▶ What you should do: From the listing below, copy each line that holds "CONTINUOUS".

▶ Data records:
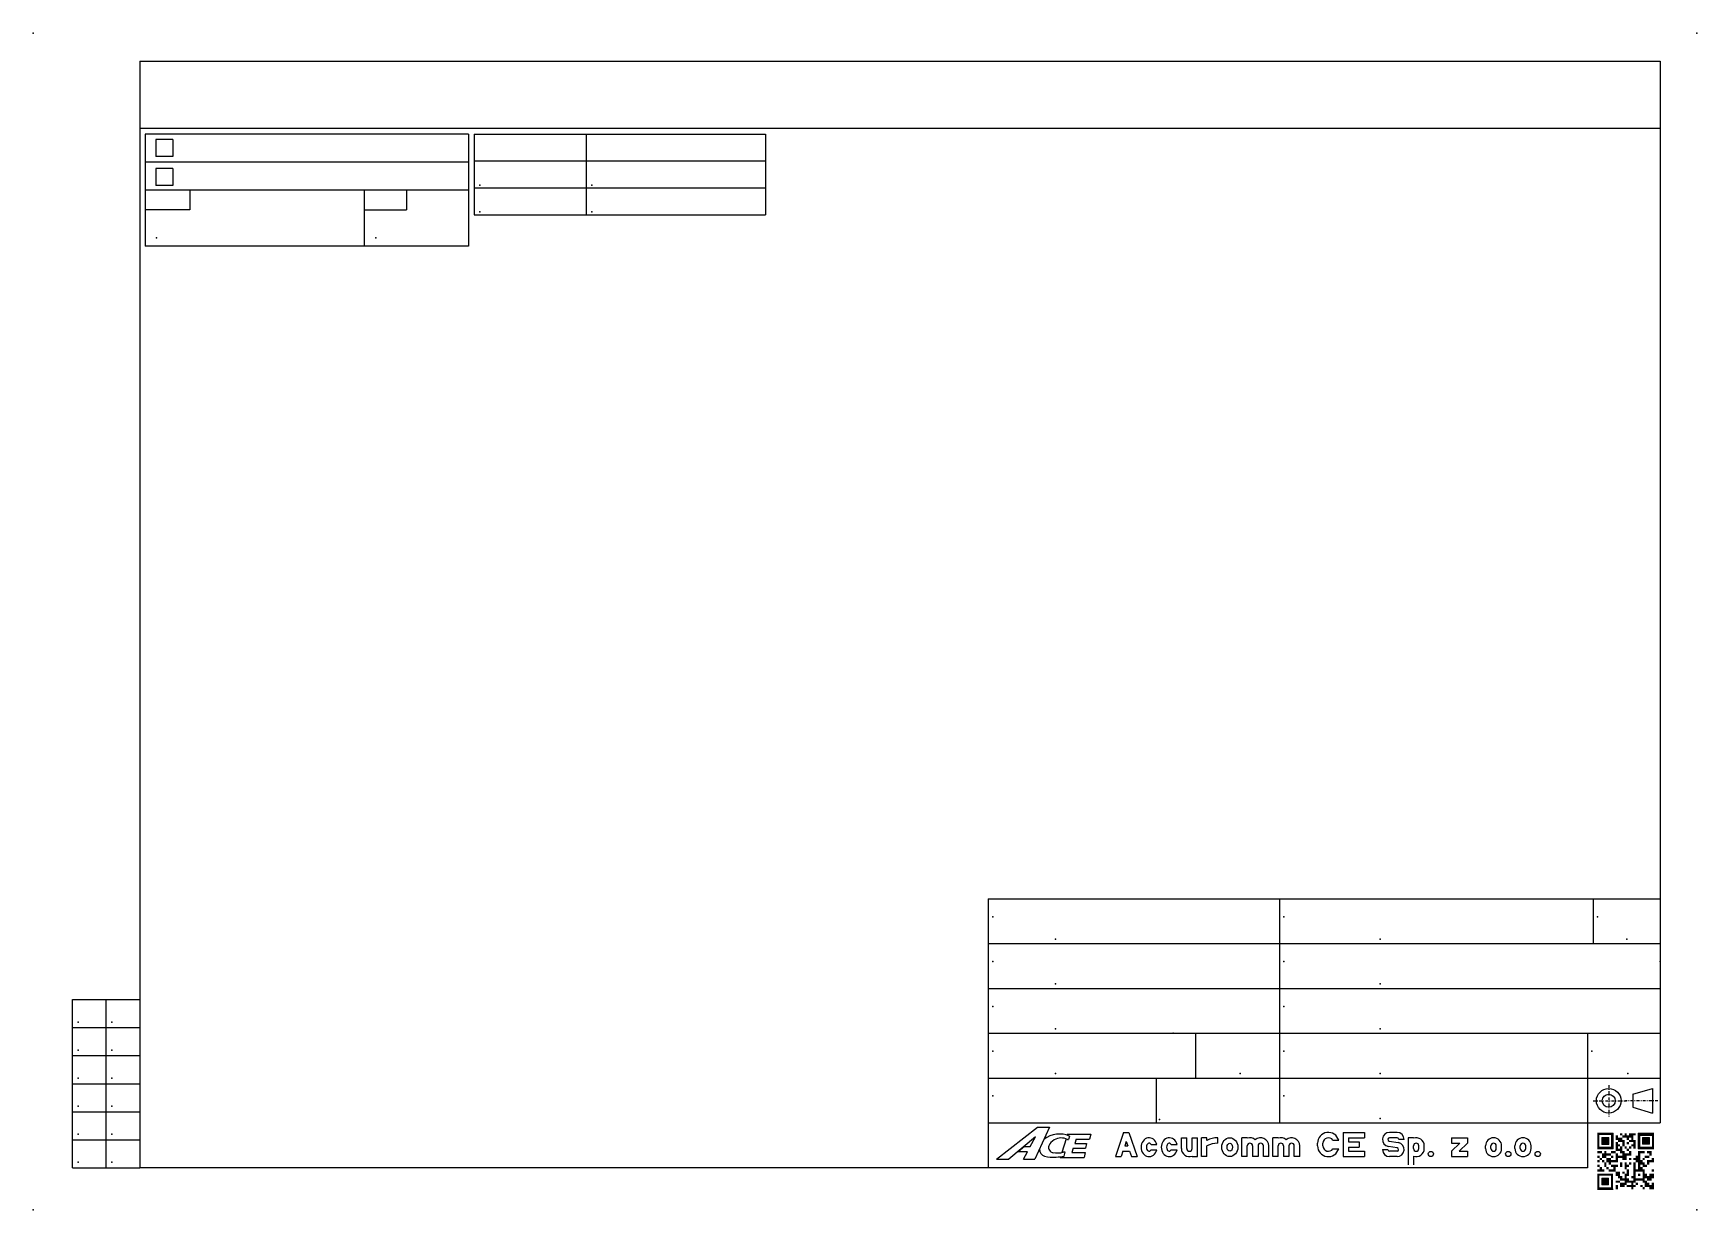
# Model space of a CAD drawing. Extents: x -148 to 149, y -105 to 105.
import ezdxf

# ---------------------------------------------------------------- set-up
doc = ezdxf.new("R2010")
doc.units = 0
doc.header["$MEASUREMENT"] = 0
doc.linetypes.add('CENTER', pattern=[1, 0.5, -0.25, 0, -0.25])
doc.layers.get('0').update_dxf_attribs({"color": 3, "linetype": 'CONTINUOUS'})

msp = doc.modelspace()

# ---------------------------------------------------------------- hatches: boundary and pattern name
at = {"linetype": 'CONTINUOUS'}
for points in [[(130.97, -91.44), (133.38, -91.44), (133.38, -91.78), (130.97, -91.78)], [(131.34, -94.22), (130.97, -94.22), (130.97, -91.78), (131.34, -91.78)], [(133.38, -93.82), (133.38, -91.44), (133.76, -91.44), (133.76, -93.82)], [(134.62, -91.84), (134.21, -91.84), (134.21, -92.64), (135.43, -92.64), (135.43, -92.24), (134.62, -92.24)], [(135.02, -91.84), (135.02, -91.43), (135.43, -91.43), (135.43, -91.84)], [(135.84, -91.84), (135.84, -91.43), (136.18, -91.43), (136.18, -92.24), (135.43, -92.24), (135.43, -91.84)], [(136.18, -91.84), (136.18, -92.24), (136.59, -92.24), (136.59, -91.84)], [(136.59, -92.24), (137.41, -92.24), (137.41, -91.43), (136.59, -91.43)], [(137.41, -91.84), (137.81, -91.84), (137.81, -91.43), (137.41, -91.43)], [(138.25, -93.85), (138.25, -91.43), (138.64, -91.43), (138.64, -93.85)], [(138.64, -91.79), (140.71, -91.79), (140.71, -91.43), (138.64, -91.43)], [(140.71, -91.43), (141.06, -91.43), (141.06, -94.22), (140.71, -94.22)], [(131.79, -95.03), (130.97, -95.03), (130.97, -94.62), (131.79, -94.62)], [(133.76, -94.22), (133.76, -93.82), (131.34, -93.82), (131.34, -94.22)], [(131.74, -92.2), (132.98, -92.2), (132.98, -93.42), (131.74, -93.42)], [(133.4, -95.44), (131.79, -95.44), (131.79, -95.03), (133.4, -95.03)], [(132.18, -95.03), (132.18, -94.62), (132.58, -94.62), (132.58, -95.03)], [(133.4, -95.03), (133.4, -94.62), (134.21, -94.62), (134.21, -95.03)], [(134.21, -93), (134.21, -94.62), (134.62, -94.62), (134.62, -93)], [(135.43, -95.84), (134.21, -95.84), (134.21, -95.03), (134.62, -95.03), (134.62, -95.44), (135.43, -95.44)], [(134.62, -92.64), (134.62, -93), (135.84, -93), (135.84, -92.64)], [(134.62, -93.8), (134.62, -93.4), (135.02, -93.4), (135.02, -93.8)], [(134.62, -94.62), (135.43, -94.62), (135.43, -93.8), (135.02, -93.8), (135.02, -94.21), (134.62, -94.21)], [(135.84, -94.62), (135.02, -94.62), (135.02, -95.03), (135.84, -95.03)], [(135.43, -93), (135.43, -93.8), (135.84, -93.8), (135.84, -93)], [(135.43, -95.03), (135.43, -96.24), (136.18, -96.24), (136.18, -95.03)], [(135.84, -94.21), (135.84, -93.8), (136.18, -93.8), (136.18, -94.21)], [(136.18, -92.24), (136.18, -92.64), (136.59, -92.64), (136.59, -92.24)], [(136.59, -93.4), (136.18, -93.4), (136.18, -93), (136.59, -93)], [(136.18, -94.62), (136.18, -94.21), (136.59, -94.21), (136.59, -94.62)], [(136.18, -95.03), (136.18, -95.44), (136.59, -95.44), (136.59, -95.03)], [(137.81, -93), (137.81, -92.64), (136.59, -92.64), (136.59, -93)], [(136.59, -94.21), (136.59, -93.8), (137, -93.8), (137, -94.21)], [(136.59, -95.44), (136.59, -94.62), (137, -94.62), (137, -95.44)], [(137, -92.64), (137.41, -92.64), (137.41, -92.24), (137, -92.24)], [(137, -93.8), (137, -93.4), (137.41, -93.4), (137.41, -93.8)], [(137.41, -93), (137.41, -94.21), (137.81, -94.21), (137.81, -93)], [(138.21, -95.03), (138.21, -94.62), (139.43, -94.62), (139.43, -95.03)], [(138.21, -95.03), (138.21, -98.28), (138.62, -98.28), (138.62, -95.03)], [(138.25, -93.85), (140.71, -93.85), (140.71, -94.22), (138.25, -94.22)], [(139.04, -92.19), (140.25, -92.19), (140.25, -93.4), (139.04, -93.4)], [(139.84, -95.03), (139.84, -94.62), (140.64, -94.62), (140.64, -95.44), (140.25, -95.44), (140.25, -95.03)], [(130.97, -95.84), (130.97, -95.44), (131.37, -95.44), (131.37, -95.84)], [(130.97, -96.66), (130.97, -96.24), (131.37, -96.24), (131.37, -96.66)], [(130.97, -97.46), (130.97, -97.07), (131.37, -97.07), (131.37, -97.46)], [(132.18, -98.28), (130.97, -98.28), (130.97, -97.87), (132.18, -97.87)], [(131.37, -96.24), (131.37, -95.84), (131.79, -95.84), (131.79, -96.24)], [(131.37, -97.87), (131.37, -97.46), (131.79, -97.46), (131.79, -97.87)], [(131.79, -95.84), (131.79, -95.44), (132.58, -95.44), (132.58, -95.84)], [(131.79, -96.66), (131.79, -96.24), (132.18, -96.24), (132.18, -96.66)], [(132.18, -97.07), (132.18, -96.66), (132.58, -96.66), (132.58, -97.07)], [(132.58, -97.46), (132.58, -97.07), (132.18, -97.07), (132.18, -97.46)], [(132.58, -96.24), (132.58, -95.84), (133.4, -95.84), (133.4, -96.24)], [(134.21, -96.66), (132.58, -96.66), (132.58, -96.24), (134.21, -96.24)], [(132.58, -97.87), (133, -97.87), (133, -97.46), (132.58, -97.46)], [(133, -97.07), (133, -96.66), (133.4, -96.66), (133.4, -97.07)], [(133, -98.28), (134.21, -98.28), (134.21, -97.46), (133.8, -97.46), (133.8, -97.87), (133, -97.87)], [(133.4, -95.84), (133.4, -95.44), (133.8, -95.44), (133.8, -95.84)], [(133.4, -97.46), (133.4, -97.07), (134.62, -97.07), (134.62, -97.46)], [(134.62, -95.84), (134.62, -96.66), (134.21, -96.66), (134.21, -95.84)], [(135.02, -97.46), (135.02, -96.66), (135.43, -96.66), (135.43, -97.46)], [(135.84, -97.87), (135.84, -96.66), (136.18, -96.66), (136.18, -97.87)], [(136.18, -97.07), (136.59, -97.07), (136.59, -97.46), (136.18, -97.46)], [(136.18, -99.09), (136.18, -97.87), (136.59, -97.87), (136.59, -99.09)], [(136.59, -96.24), (136.59, -95.84), (137, -95.84), (137, -96.24)], [(136.59, -97.07), (136.59, -96.66), (137, -96.66), (137, -97.07)], [(137.41, -95.84), (138.21, -95.84), (138.21, -96.66), (137.81, -96.66), (137.81, -96.24), (137.41, -96.24)], [(137.41, -100.24), (137.81, -100.24), (137.81, -96.66), (137.41, -96.66)], [(137.81, -95.84), (137.81, -95.44), (138.21, -95.44), (138.21, -95.84)], [(138.21, -97.87), (137.81, -97.87), (137.81, -98.28), (138.21, -98.28)], [(138.62, -96.66), (138.62, -96.24), (139.02, -96.24), (139.02, -96.66)], [(138.62, -97.07), (138.62, -96.66), (139.43, -96.66), (139.43, -97.07)], [(138.62, -98.28), (138.62, -97.46), (139.02, -97.46), (139.02, -98.28)], [(139.02, -96.24), (139.02, -95.84), (139.43, -95.84), (139.43, -96.24)], [(139.02, -97.46), (139.02, -97.07), (139.84, -97.07), (139.84, -97.46)], [(139.02, -100.24), (139.02, -97.87), (139.43, -97.87), (139.43, -100.24)], [(139.43, -95.84), (139.43, -95.44), (140.25, -95.44), (140.25, -95.84)], [(140.64, -96.24), (140.64, -95.84), (141.06, -95.84), (141.06, -96.66), (140.25, -96.66), (140.25, -97.07), (139.84, -97.07), (139.84, -96.24)], [(140.64, -98.28), (140.64, -97.87), (141.06, -97.87), (141.06, -98.28)], [(130.96, -98.68), (133.76, -98.68), (133.76, -99.04), (130.96, -99.04)], [(130.96, -101.07), (130.96, -99.04), (131.33, -99.04), (131.33, -101.07)], [(131.77, -99.48), (132.95, -99.48), (132.95, -100.65), (131.77, -100.65)], [(133.4, -101.47), (133.4, -99.04), (133.76, -99.04), (133.76, -101.47)], [(134.21, -99.09), (134.21, -98.28), (135.02, -98.28), (135.02, -99.09)], [(134.21, -100.24), (134.21, -99.9), (135.02, -99.9), (135.02, -100.24)], [(134.21, -101.47), (134.21, -100.65), (134.62, -100.65), (134.62, -101.47)], [(134.62, -99.49), (134.62, -99.09), (135.43, -99.09), (135.43, -99.49)], [(135.02, -99.49), (135.02, -99.9), (135.84, -99.9), (135.84, -99.49)], [(135.02, -100.24), (135.84, -100.24), (135.84, -101.06), (135.02, -101.06)], [(135.43, -98.68), (135.43, -98.28), (135.84, -98.28), (135.84, -98.68)], [(135.84, -100.65), (135.84, -98.68), (136.18, -98.68), (136.18, -100.65)], [(136.18, -99.49), (136.59, -99.49), (136.59, -99.9), (137.41, -99.9), (137.41, -100.24), (136.18, -100.24)], [(136.18, -100.65), (137.81, -100.65), (137.81, -101.06), (136.18, -101.06)], [(137.41, -99.49), (137, -99.49), (137, -99.09), (137.41, -99.09)], [(137, -99.9), (137, -101.47), (137.41, -101.47), (137.41, -99.9)], [(137.41, -99.9), (139.02, -99.9), (139.02, -99.49), (137.41, -99.49)], [(137.81, -100.65), (137.81, -100.24), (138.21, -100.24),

▶ Finished task:
doc.layers.get('0').update_dxf_attribs({"color": 3, "linetype": 'CONTINUOUS'})
at = {"linetype": 'CONTINUOUS'}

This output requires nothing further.